What the task requires -
Only the lines containing the string "that" are needed; copy all of them from the listing.
----- Dataset extract
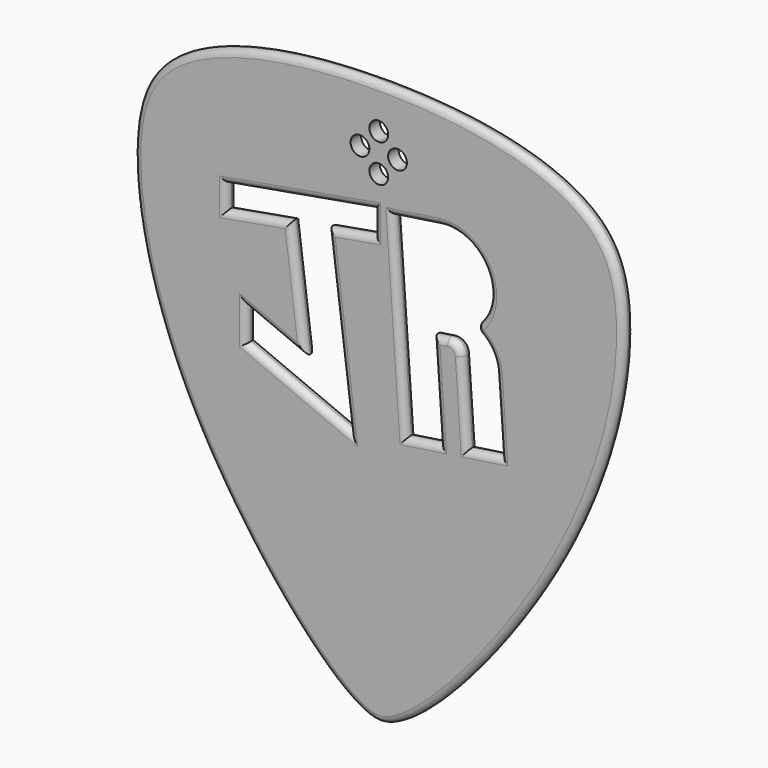
from build123d import *

# Parameters (mm, degrees)
F0_R     = 0.5
F1_DEPTH = 0.7
F2_R     = 0.3499
F3_R     = 0.34999


# Not quite as in the source:
# - a fillet or chamfer is up to 0.001 mm smaller than in the source, because OpenCascade refuses the exact size
# - a feature names something its author has since deleted; it is built from what else it names


with BuildPart() as f1:
    # F0 (on Front) → F1 (new body)
    with BuildSketch(Plane.XZ):
        with BuildLine():
            add(Edge.make_bspline(
                [(0, -23.25), (-2, -23.25), (-11.2052838081, -12.6454945316), (-13.7939030188, -0.3656097413), (-11.4819416014, 5.2828342286), (-5, 6.75), (0, 6.75)],
                knots=[0, 0, 0, 0, 0.2911366771, 0.5724636983, 0.7401439848, 1, 1, 1, 1], degree=3))
            add(Edge.make_bspline(
                [(0, -23.25), (2, -23.25), (11.2052838081, -12.6454945316), (13.7939030188, -0.3656097413), (11.4819416014, 5.2828342286), (5, 6.75), (0, 6.75)],
                knots=[0, 0, 0, 0, 0.2911366771, 0.5724636983, 0.7401439848, 1, 1, 1, 1], degree=3))
        make_face()
        Polygon((-0.25, -0.5), (-2.7097485316, -0.9337200319), (-1.542408067, -10.1097658164), (-7.0756138971, -7.7895000466), (-7.0756138971, -6.0395000466), (-3.9073137099, -7.3680785775), (-4.6816348886, -1.2814167995), (-8.1284620241, -1.8891854213), (-8.1284620241, -0.6391854213), (-0.25, 0.75), align=None, mode=Mode.SUBTRACT)
        with Locations((-1, 3.5)):
            Circle(F0_R, mode=Mode.SUBTRACT)
        with BuildLine():
            Line((1.4615160322, -9.4251533127), (0.75, 0.75))
            Line((0.75, 0.75), (3.2225739629, 1.1192939179))
            ThreePointArc((3.2225739629, 1.1192939179), (5.7434258747, -0.2851893969), (5.0276366561, -3.0807060821))
            ThreePointArc((5.0276366561, -3.0807060821), (5.868954756, -3.7604366774), (6.2333425349, -4.7788036907))
            Line((6.2333425349, -4.7788036907), (6.5055669166, -8.6717937201))
            Line((6.5055669166, -8.6717937201), (4.7253136633, -8.937685341))
            Line((4.7253136633, -8.937685341), (4.429349864, -4.7052058231))
            ThreePointArc((4.429349864, -4.7052058231), (4.1692268068, -4.2081365611), (3.6276527318, -4.0617146451))
            Line((3.6276527318, -4.0617146451), (2.8929869168, -4.1714414405))
            Line((2.8929869168, -4.1714414405), (3.2417692855, -9.1592616918))
            Line((3.2417692855, -9.1592616918), (1.4615160322, -9.4251533127))
        make_face(mode=Mode.SUBTRACT)
        with BuildLine():
            ThreePointArc((0.5, 2.5), (-0.3535533906, 2.1464466094), (0, 3))
            ThreePointArc((0, 3), (0.3535533906, 2.8535533906), (0.5, 2.5))
        make_face(mode=Mode.SUBTRACT)
        with BuildLine():
            ThreePointArc((1.5, 3.5), (1, 3), (0.5, 3.5))
            ThreePointArc((0.5, 3.5), (1, 4), (1.5, 3.5))
        make_face(mode=Mode.SUBTRACT)
        with BuildLine():
            ThreePointArc((0, 4), (-0.3535533906, 4.8535533906), (0.5, 4.5))
            ThreePointArc((0.5, 4.5), (0.3535533906, 4.1464466094), (0, 4))
        make_face(mode=Mode.SUBTRACT)
    extrude(amount=F1_DEPTH)

    # F2 (radius 0.35 in the source; OpenCascade refuses exactly that, so slightly less here)
    f2_edges = [f1.edges().sort_by_distance(p)[0] for p in [
        (-12.350697, -0.7, -5.69865),
        (12.350697, -0.7, -5.69865),
        (-12.350697, 0, -5.69865),
        (12.350697, 0, -5.69865),
    ]]
    fillet(f2_edges, radius=F2_R)

    # F3 (radius 0.35 in the source; OpenCascade refuses exactly that, so slightly less here)
    f3_edges = [f1.edges().sort_by_distance(p)[0] for p in [
        (-5.491464, -0.7, -6.703789),
        (-4.294474, -0.7, -4.324748),
        (-7.075614, -0.7, -6.9145),
        (-4.309011, -0.7, -8.949633),
        (-2.126078, -0.7, -5.521743),
        (-1.479874, -0.7, -0.71686),
        (-0.25, -0.7, 0.125),
        (-4.189231, -0.7, 0.055407),
        (-8.128462, -0.7, -1.264185),
        (-6.405048, -0.7, -1.585301),
        (1.986287, -0.7, 0.934647),
        (5.743426, -0.7, -0.285189),
        (1.105758, -0.7, -4.337577),
        (2.351643, -0.7, -9.292208),
        (3.067378, -0.7, -6.665352),
        (3.26032, -0.7, -4.116578),
        (5.61544, -0.7, -8.80474),
        (6.369455, -0.7, -6.725299),
        (5.868955, -0.7, -3.760437),
        (5.61544, 0, -8.80474),
        (4.577332, 0, -6.821446),
        (6.369455, 0, -6.725299),
        (5.743426, 0, -0.285189),
        (1.986287, 0, 0.934647),
        (1.105758, 0, -4.337577),
        (3.26032, 0, -4.116578),
        (3.067378, 0, -6.665352),
        (2.351643, 0, -9.292208),
        (-2.126078, 0, -5.521743),
        (-4.309011, 0, -8.949633),
        (-7.075614, 0, -6.9145),
        (-5.491464, 0, -6.703789),
        (-4.294474, 0, -4.324748),
        (-6.405048, 0, -1.585301),
        (-8.128462, 0, -1.264185),
        (-4.189231, 0, 0.055407),
        (-1.479874, 0, -0.71686),
        (-0.25, 0, 0.125),
        (5.027637, -0.35, -3.080706),
    ]]
    fillet(f3_edges, radius=F3_R)


solid = f1.part
----------
Exercise output -
    # F2 (radius 0.35 in the source; OpenCascade refuses exactly that, so slightly less here)
    # F3 (radius 0.35 in the source; OpenCascade refuses exactly that, so slightly less here)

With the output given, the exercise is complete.